- Education: Sweet Briar College, Emory University
- Known for: Epidemiology of autism
- Awards: Arnold J. Capute Award (AAP)
- Scientific career
- Fields: Epidemiology
- Workplaces: Centers for Disease Control and Prevention

= Marshalyn Yeargin-Allsopp =

American epidemiologist

Marshalyn Yeargin-Allsopp is a medical epidemiologist and chief of the developmental disabilities branch at the Centers for Disease Control and Prevention, where she has worked since 1981. She is also an adjunct assistant professor of pediatrics at Emory University. She is the great-niece of Benjamin Mays, former president of Morehouse College.

==Education==
Yeargin-Allsopp was the first African-American student to attend and graduate from Sweet Briar College; she entered the school in 1966, and graduated in 1968. She received her M.D. from Emory University in 1972, where she was the first black woman to enroll in the medical school, and completed her residency in preventive medicine in 1984. She also completed a fellowship in developmental pediatrics at Albert Einstein College of Medicine, where she was affiliated from 1975 to 1981, as well as a pediatric internship and residency at Montefiore Medical Center. She is board-certified in pediatrics and in developmental disabilities.

==Career==
Yeargin-Allsopp is the chief of the developmental disabilities branch of the National Center on Birth Defects and Developmental Disabilities at the Centers for Disease Control and Prevention (CDC). She has worked with the CDC since 1981.

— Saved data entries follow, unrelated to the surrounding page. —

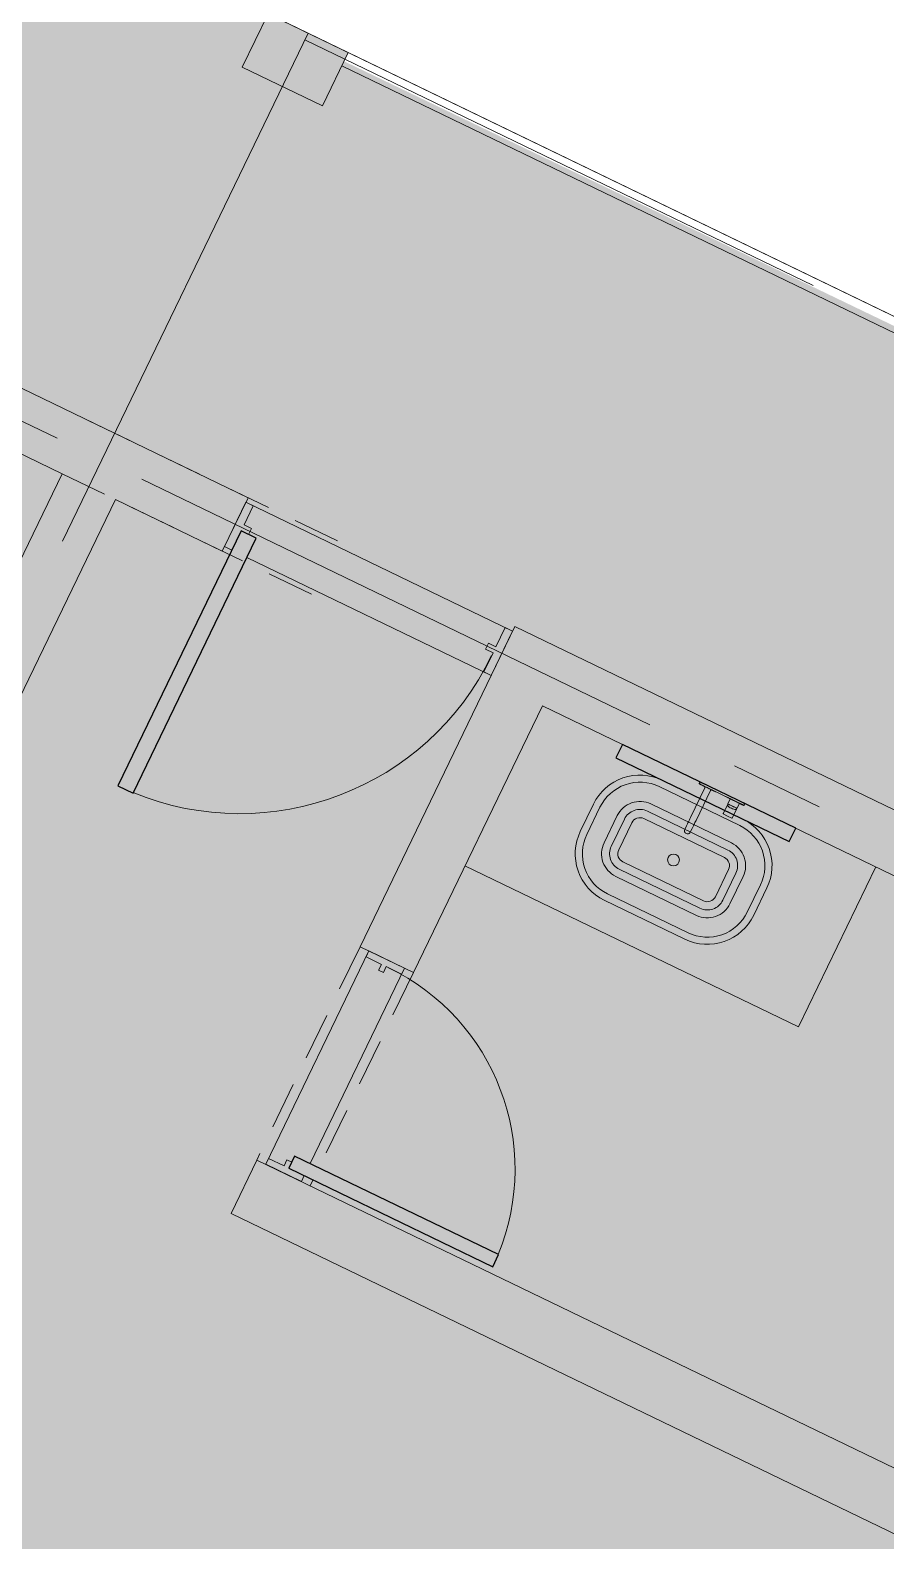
# Model space of a CAD drawing. Header units: metres. Extents: x -466 to 1322, y -1072 to 50.
# Drawn here: x 434.57 to 437.45, y -205.65 to -200.55 of the extents above; entities that cross this region are included whole.
import ezdxf

# ---------------------------------------------------------------- set-up
doc = ezdxf.new("R2010")
doc.units = ezdxf.units.M
for name, pattern in [('B1 P BAJA$0$HIDDEN', [9.525, 6.35, -3.175]), ('CENTER2', [28.575, 19.05, -3.175, 3.175, -3.175]), ('Hidden 1_16_', [0.002381, 0.001587, -0.00079375])]:
    doc.linetypes.add(name, pattern=pattern)
for name, color, linetype, lineweight in [('A - Hatch muros', 4, 'Continuous', 0), ('A - MURO BAJO', 2, 'Continuous', 0), ('A - PROY', 250, 'B1 P BAJA$0$HIDDEN', 0), ('A-ACCESORIOS DE BAÑO', 6, 'Continuous', 0), ('A-DOOR', 2, 'Continuous', 9), ('A-EJES', 61, 'CENTER2', 0), ('A-Fixt', 122, 'Continuous', 5), ('A-MURO INT', 4, 'Continuous', 0)]:
    doc.layers.add(name, color=color, linetype=linetype, lineweight=lineweight)
doc.layers.add('A-MIRROR', color=8, linetype='Continuous')
doc.layers.add('A-PUERTA', color=2, linetype='Continuous')
doc.layers.add('Hatch Interior', color=7, linetype='Continuous', lineweight=0, true_color=0xaf6350)

# ---------------------------------------------------------------- blocks, each defined once
blk = doc.blocks.new('JVAS_Puerta - 0_90 X 2_10-V18-Planta Baja')
at = {"color": 0}
for p, q in [((-0.425, -0.0425), (-0.425, -0.9025)), ((-0.374, -0.0425), (-0.425, -0.0425)), ((-0.374, -0.9025), (-0.374, -0.0425)), ((-0.425, -0.9025), (-0.374, -0.9025))]:
    blk.add_line(p, q, dxfattribs=at)
at = {"layer": 'A - PROY', "color": 18, "linetype": 'Continuous', "ltscale": 100, "true_color": 0x000000}
blk.add_arc((-0.425, -0.0525), 0.85, 273.4398, 0, dxfattribs=at)
at = {"layer": 'A-DOOR', "color": 253, "linetype": 'Continuous', "ltscale": 100}
for p, q in [((-0.45, 0.0425), (0.45, 0.0425)), ((-0.374, -0.1075), (0.45, -0.1075))]:
    blk.add_line(p, q, dxfattribs=at)
at = {"layer": 'A-DOOR'}
for p, q in [((-0.425, 0.0425), (-0.45, 0.0425)), ((-0.45, 0.0425), (-0.45, -0.1075)), ((-0.425, -0.0225), (-0.425, 0.0425)), ((0.45, 0.0425), (0.425, 0.0425)), ((0.425, 0.0425), (0.425, -0.0225)), ((0.45, -0.1075), (0.45, 0.0425)), ((-0.4, -0.0225), (-0.425, -0.0225)), ((-0.425, -0.1075), (-0.425, -0.0425)), ((-0.425, -0.0425), (-0.4, -0.0425)), ((-0.4, -0.0425), (-0.4, -0.0225)), ((0.425, -0.0225), (0.4, -0.0225)), ((0.4, -0.0225), (0.4, -0.0425)), ((0.4, -0.0425), (0.425, -0.0425)), ((0.425, -0.0425), (0.425, -0.1075)), ((-0.45, -0.1075), (-0.425, -0.1075)), ((0.425, -0.1075), (0.45, -0.1075))]:
    blk.add_line(p, q, dxfattribs=at)
blk = doc.blocks.new('monomando powder room')
at = {"layer": 'A-ACCESORIOS DE BAÑO'}
for p, q in [((-98.7727, -159.2227), (-98.7727, -159.2225)), ((-98.7667, -159.2225), (-98.7727, -159.2225)), ((-98.7727, -159.2225), (-98.7667, -159.2225)), ((-98.7727, -159.2233), (-98.7727, -159.2227)), ((-98.7727, -159.2243), (-98.7727, -159.2233)), ((-98.7727, -159.2255), (-98.7727, -159.2243)), ((-98.7727, -159.227), (-98.7727, -159.2255)), ((-98.7727, -159.2285), (-98.7727, -159.227)), ((-98.7727, -159.3065), (-98.7727, -159.2285)), ((-98.766, -159.2228), (-98.7667, -159.2225)), ((-98.766, -159.223), (-98.766, -159.2228)), ((-98.7657, -159.2235), (-98.766, -159.2228)), ((-98.766, -159.2236), (-98.766, -159.223)), ((-98.766, -159.2245), (-98.766, -159.2236)), ((-98.766, -159.2257), (-98.766, -159.2245)), ((-98.766, -159.227), (-98.766, -159.2257)), ((-98.766, -159.2285), (-98.766, -159.227)), ((-98.766, -159.3065), (-98.766, -159.2285)), ((-98.7657, -159.2237), (-98.7657, -159.2235)), ((-98.7657, -159.2242), (-98.7657, -159.2237)), ((-98.7657, -159.225), (-98.7657, -159.2242)), ((-98.7657, -159.226), (-98.7657, -159.225)), ((-98.7657, -159.2272), (-98.7657, -159.226)), ((-98.7657, -159.2285), (-98.7657, -159.2272)), ((-98.7657, -159.2295), (-98.7657, -159.2285)), ((-98.7657, -159.2395), (-98.7657, -159.2285)), ((-98.7657, -159.2322), (-98.7657, -159.2295)), ((-98.7657, -159.2309), (-98.7657, -159.2299)), ((-98.7657, -159.2335), (-98.7657, -159.2309)), ((-98.7657, -159.2367), (-98.7657, -159.2322)), ((-98.7657, -159.2377), (-98.7657, -159.2335)), ((-98.7657, -159.2426), (-98.7657, -159.2367)), ((-98.7657, -159.2395), (-98.7657, -159.2377)), ((-98.7657, -159.2396), (-98.7657, -159.239)), ((-98.7657, -159.2395), (-98.7657, -159.239)), ((-98.7473, -159.2395), (-98.7657, -159.2395)), ((-98.7657, -159.2395), (-98.7473, -159.2395)), ((-98.7657, -159.2413), (-98.7657, -159.2396)), ((-98.7657, -159.2441), (-98.7657, -159.2413)), ((-98.7657, -159.2493), (-98.7657, -159.2426)), ((-98.7657, -159.2477), (-98.7657, -159.2441)), ((-98.7657, -159.2519), (-98.7657, -159.2477)), ((-98.7657, -159.2565), (-98.7657, -159.2493)), ((-98.7657, -159.2565), (-98.7657, -159.2519)), ((-98.7657, -159.261), (-98.7657, -159.2565)), ((-98.7657, -159.2637), (-98.7657, -159.2565)), ((-98.7469, -159.2397), (-98.7473, -159.2395)), ((-98.7467, -159.2402), (-98.7469, -159.2397)), ((-98.7469, -159.2403), (-98.7469, -159.2397)), ((-98.7469, -159.242), (-98.7469, -159.2403)), ((-98.7469, -159.2446), (-98.7469, -159.242)), ((-98.7469, -159.2481), (-98.7469, -159.2446)), ((-98.7469, -159.2522), (-98.7469, -159.2481)), ((-98.7469, -159.2565), (-98.7469, -159.2522)), ((-98.7469, -159.2608), (-98.7469, -159.2565)), ((-98.7467, -159.2405), (-98.7467, -159.2402)), ((-98.7427, -159.2405), (-98.7467, -159.2405)), ((-98.7467, -159.2411), (-98.7467, -159.2405)), ((-98.7467, -159.2405), (-98.7427, -159.2405)), ((-98.7467, -159.2426), (-98.7467, -159.2411)), ((-98.7467, -159.2452), (-98.7467, -159.2426)), ((-98.7467, -159.2485), (-98.7467, -159.2452)), ((-98.7467, -159.2523), (-98.7467, -159.2485)), ((-98.7467, -159.2565), (-98.7467, -159.2523)), ((-98.7467, -159.2606), (-98.7467, -159.2565)), ((-98.7286, -159.2395), (-98.7427, -159.2395)), ((-98.7427, -159.2401), (-98.7427, -159.2395)), ((-98.7416, -159.2401), (-98.7427, -159.2395)), ((-98.7427, -159.2395), (-98.7286, -159.2395)), ((-98.7427, -159.2405), (-98.7427, -159.2401)), ((-98.7413, -159.2406), (-98.7427, -159.2405)), ((-98.7407, -159.2417), (-98.7416, -159.2401)), ((-98.7398, -159.2445), (-98.7407, -159.2417)), ((-98.7392, -159.248), (-98.7398, -159.2445)), ((-98.7388, -159.2521), (-98.7392, -159.248)), ((-98.7387, -159.2565), (-98.7388, -159.2521)), ((-98.7388, -159.2608), (-98.7387, -159.2565)), ((-98.7286, -159.2395), (-98.7122, -159.2395)), ((-98.7122, -159.2395), (-98.7286, -159.2395)), ((-98.7103, -159.2395), (-98.7122, -159.2395)), ((-98.7122, -159.2395), (-98.7103, -159.2395)), ((-98.7099, -159.2398), (-98.7103, -159.2395)), ((-98.7097, -159.2403), (-98.7099, -159.2398)), ((-98.7097, -159.2565), (-98.7097, -159.2403)), ((-98.7097, -159.2727), (-98.7097, -159.2565)), ((-98.7727, -159.3845), (-98.7727, -159.3065)), ((-98.7727, -159.3845), (-98.7727, -159.3065)), ((-98.766, -159.3845), (-98.766, -159.3065)), ((-98.766, -159.3845), (-98.766, -159.3065)), ((-98.7657, -159.2652), (-98.7657, -159.261)), ((-98.7657, -159.2704), (-98.7657, -159.2637)), ((-98.7657, -159.2689), (-98.7657, -159.2652)), ((-98.7657, -159.2717), (-98.7657, -159.2689)), ((-98.7657, -159.2763), (-98.7657, -159.2704)), ((-98.7657, -159.2734), (-98.7657, -159.2717)), ((-98.7657, -159.274), (-98.7657, -159.2734)), ((-98.7473, -159.2735), (-98.7657, -159.2735)), ((-98.7657, -159.3065), (-98.7657, -159.2735)), ((-98.7657, -159.2753), (-98.7657, -159.2735)), ((-98.7657, -159.2735), (-98.7473, -159.2735)), ((-98.7657, -159.274), (-98.7657, -159.2735)), ((-98.7657, -159.2795), (-98.7657, -159.2753)), ((-98.7657, -159.2808), (-98.7657, -159.2763)), ((-98.7657, -159.2821), (-98.7657, -159.2795)), ((-98.7657, -159.2835), (-98.7657, -159.2808)), ((-98.7657, -159.2831), (-98.7657, -159.2821)), ((-98.7657, -159.2845), (-98.7657, -159.2835)), ((-98.7657, -159.343), (-98.7657, -159.3065)), ((-98.7473, -159.2735), (-98.7469, -159.2732)), ((-98.7469, -159.2648), (-98.7469, -159.2608)), ((-98.7469, -159.2683), (-98.7469, -159.2648)), ((-98.7469, -159.271), (-98.7469, -159.2683)), ((-98.7469, -159.2726), (-98.7469, -159.271)), ((-98.7469, -159.2732), (-98.7469, -159.2726)), ((-98.7469, -159.2732), (-98.7467, -159.2727)), ((-98.7467, -159.2644), (-98.7467, -159.2606)), ((-98.7467, -159.2677), (-98.7467, -159.2644)), ((-98.7467, -159.2703), (-98.7467, -159.2677)), ((-98.7467, -159.2719), (-98.7467, -159.2703)), ((-98.7467, -159.2725), (-98.7467, -159.2719)), ((-98.7467, -159.2727), (-98.7467, -159.2725)), ((-98.7467, -159.2725), (-98.7427, -159.2725)), ((-98.7427, -159.2725), (-98.7467, -159.2725)), ((-98.7427, -159.2725), (-98.7413, -159.2723)), ((-98.7427, -159.2728), (-98.7427, -159.2725)), ((-98.7427, -159.2735), (-98.7416, -159.2728)), ((-98.7427, -159.2735), (-98.7427, -159.2728)), ((-98.7427, -159.2735), (-98.7286, -159.2735)), ((-98.7286, -159.2735), (-98.7427, -159.2735)), ((-98.7416, -159.2728), (-98.7407, -159.2712)), ((-98.7407, -159.2712), (-98.7398, -159.2684)), ((-98.7398, -159.2684), (-98.7392, -159.2649)), ((-98.7392, -159.2649), (-98.7388, -159.2608)), ((-98.7256, -159.2735), (-98.7286, -159.2735)), ((-98.7286, -159.2735), (-98.7256, -159.2735)), ((-98.7256, -159.2735), (-98.7122, -159.2735)), ((-98.7122, -159.2735), (-98.7256, -159.2735)), ((-98.7122, -159.2735), (-98.7103, -159.2735)), ((-98.7103, -159.2735), (-98.7122, -159.2735)), ((-98.7103, -159.2735), (-98.7099, -159.2731)), ((-98.7099, -159.2731), (-98.7097, -159.2727)), ((-98.7657, -159.3295), (-98.7657, -159.3285)), ((-98.7657, -159.3322), (-98.7657, -159.3295)), ((-98.7657, -159.3309), (-98.7657, -159.3299)), ((-98.7657, -159.3335), (-98.7657, -159.3309)), ((-98.7657, -159.3367), (-98.7657, -159.3322)), ((-98.7657, -159.3377), (-98.7657, -159.3335)), ((-98.7657, -159.3426), (-98.7657, -159.3367)), ((-98.7657, -159.343), (-98.7657, -159.3377)), ((-98.7657, -159.3411), (-98.7657, -159.3405)), ((-98.7657, -159.3426), (-98.7657, -159.3411)), ((-98.7657, -159.3424), (-98.7657, -159.3419)), ((-98.7657, -159.343), (-98.7657, -159.3424)), ((-98.7657, -159.3493), (-98.7657, -159.3426)), ((-98.7657, -159.3452), (-98.7657, -159.3426)), ((-98.7653, -159.3443), (-98.7657, -159.343)), ((-98.7657, -159.3485), (-98.7657, -159.3452)), ((-98.7657, -159.3524), (-98.7657, -159.3485)), ((-98.7657, -159.3565), (-98.7657, -159.3493)), ((-98.7657, -159.3565), (-98.7657, -159.3524)), ((-98.7657, -159.3606), (-98.7657, -159.3565)), ((-98.7657, -159.3637), (-98.7657, -159.3565)), ((-98.7657, -159.3645), (-98.7657, -159.3606)), ((-98.7645, -159.3453), (-98.7653, -159.3443)), ((-98.7635, -159.3458), (-98.7645, -159.3453)), ((-98.7627, -159.346), (-98.7635, -159.3458)), ((-98.7622, -159.346), (-98.7627, -159.346)), ((-98.7627, -159.346), (-98.7622, -159.346)), ((-98.6502, -159.346), (-98.7622, -159.346)), ((-98.7622, -159.346), (-98.6502, -159.346)), ((-98.6459, -159.346), (-98.6502, -159.346)), ((-98.6502, -159.346), (-98.6459, -159.346)), ((-98.6459, -159.346), (-98.6416, -159.346)), ((-98.6416, -159.346), (-98.6459, -159.346)), ((-98.6416, -159.346), (-98.6375, -159.346)), ((-98.6375, -159.346), (-98.6416, -159.346)), ((-98.6337, -159.346), (-98.6375, -159.346)), ((-98.6375, -159.346), (-98.6337, -159.346)), ((-98.6301, -159.346), (-98.6337, -159.346)), ((-98.6337, -159.346), (-98.6301, -159.346)), ((-98.6268, -159.346), (-98.6301, -159.346)), ((-98.6301, -159.346), (-98.6268, -159.346)), ((-98.624, -159.346), (-98.6268, -159.346)), ((-98.6268, -159.346), (-98.624, -159.346)), ((-98.624, -159.346), (-98.6216, -159.346)), ((-98.6216, -159.346), (-98.624, -159.346)), ((-98.6216, -159.346), (-98.6197, -159.346)), ((-98.6197, -159.346), (-98.6216, -159.346)), ((-98.6055, -159.346), (-98.6197, -159.346)), ((-98.6197, -159.346), (-98.6055, -159.346)), ((-98.603, -159.3464), (-98.6055, -159.346)), ((-98.6006, -159.3474), (-98.603, -159.3464)), ((-98.5986, -159.3491), (-98.6006, -159.3474)), ((-98.597, -159.3513), (-98.5986, -159.3491)), ((-98.596, -159.3538), (-98.597, -159.3513)), ((-98.597, -159.3617), (-98.596, -159.3592)), ((-98.5957, -159.3565), (-98.596, -159.3538)), ((-98.5957, -159.3565), (-98.596, -159.3538)), ((-98.596, -159.3592), (-98.5957, -159.3565)), ((-98.596, -159.3592), (-98.5957, -159.3565)), ((-98.7727, -159.386), (-98.7727, -159.3845)), ((-98.7727, -159.3875), (-98.7727, -159.386)), ((-98.7727, -159.3887), (-98.7727, -159.3875)), ((-98.7727, -159.3897), (-98.7727, -159.3887)), ((-98.7727, -159.3903), (-98.7727, -159.3897)), ((-98.7727, -159.3905), (-98.7727, -159.3903)), ((-98.7727, -159.3905), (-98.7667, -159.3905)), ((-98.7667, -159.3905), (-98.7727, -159.3905)), ((-98.7667, -159.3905), (-98.766, -159.3902)), ((-98.766, -159.386), (-98.766, -159.3845)), ((-98.766, -159.3873), (-98.766, -159.386)), ((-98.766, -159.3885), (-98.766, -159.3873)), ((-98.766, -159.3894), (-98.766, -159.3885)), ((-98.766, -159.39), (-98.766, -159.3894)), ((-98.766, -159.3902), (-98.7657, -159.3895)), ((-98.766, -159.3902), (-98.766, -159.39)), ((-98.7657, -159.3704), (-98.7657, -159.3637)), ((-98.7657, -159.3678), (-98.7657, -159.3645)), ((-98.7657, -159.3704), (-98.7657, -159.3678)), ((-98.7657, -159.37), (-98.7653, -159.3687)), ((-98.7657, -159.3845), (-98.7657, -159.37)), ((-98.7657, -159.3845), (-98.7657, -159.37)), ((-98.7657, -159.3753), (-98.7657, -159.37)), ((-98.7657, -159.3706), (-98.7657, -159.37)), ((-98.7657, -159.3763), (-98.7657, -159.3704)), ((-98.7657, -159.3719), (-98.7657, -159.3704)), ((-98.7657, -159.3711), (-98.7657, -159.3706)), ((-98.7657, -159.3725), (-98.7657, -159.3719)), ((-98.7657, -159.3795), (-98.7657, -159.3753)), ((-98.7657, -159.3808), (-98.7657, -159.3763)), ((-98.7657, -159.3821), (-98.7657, -159.3795)), ((-98.7657, -159.3835), (-98.7657, -159.3808)), ((-98.7657, -159.3831), (-98.7657, -159.3821)), ((-98.7657, -159.3845), (-98.7657, -159.3835)), ((-98.7657, -159.3858), (-98.7657, -159.3845)), ((-98.7657, -159.387), (-98.7657, -159.3858)), ((-98.7657, -159.388), (-98.7657, -159.387)), ((-98.7657, -159.3888), (-98.7657, -159.388)), ((-98.7657, -159.3893), (-98.7657, -159.3888)), ((-98.7657, -159.3895), (-98.7657, -159.3893)), ((-98.7653, -159.3687), (-98.7645, -159.3677)), ((-98.7645, -159.3677), (-98.7635, -159.3672)), ((-98.7635, -159.3672), (-98.7627, -159.367)), ((-98.7627, -159.367), (-98.7622, -159.367)), ((-98.7622, -159.367), (-98.7627, -159.367)), ((-98.6502, -159.367), (-98.7622, -159.367)), ((-98.7622, -159.367), (-98.6502, -159.367)), ((-98.6459, -159.367), (-98.6502, -159.367)), ((-98.6502, -159.367), (-98.6459, -159.367)), ((-98.6416, -159.367), (-98.6459, -159.367)), ((-98.6459, -159.367), (-98.6416, -159.367)), ((-98.6375, -159.367), (-98.6416, -159.367)), ((-98.6416, -159.367), (-98.6375, -159.367)), ((-98.6375, -159.367), (-98.6337, -159.367)), ((-98.6337, -159.367), (-98.6375, -159.367)), ((-98.6337, -159.367), (-98.6301, -159.367)), ((-98.6301, -159.367), (-98.6337, -159.367)), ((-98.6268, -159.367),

Yeargin-Allsopp is also a former member of Autism Speaks' scientific advisory board and scientific affairs committee. In addition, she is the chair of the Interagency Coordinating Committee for the National Children's Study. In 2008, the American Academy of Pediatrics gave Yeargin-Allsopp the Arnold J. Capute Award for her work in the field of children's disabilities.

==Research==
Yeargin-Allsopp's research focuses mainly on the epidemiology of autism and other developmental disabilities such as cerebral palsy, especially in urban areas. She was the first to develop a population-based surveillance system to measure the prevalence of such disabilities among school-age children. In 2003, she published results which identified 987 confirmed cases of autism among a group of three- to ten-year-old children in Atlanta, resulting in a prevalence of 34 cases per 10,000. This rate is much higher than traditional estimates of the disorder, but one textbook still characterizes it as likely underestimating the issue.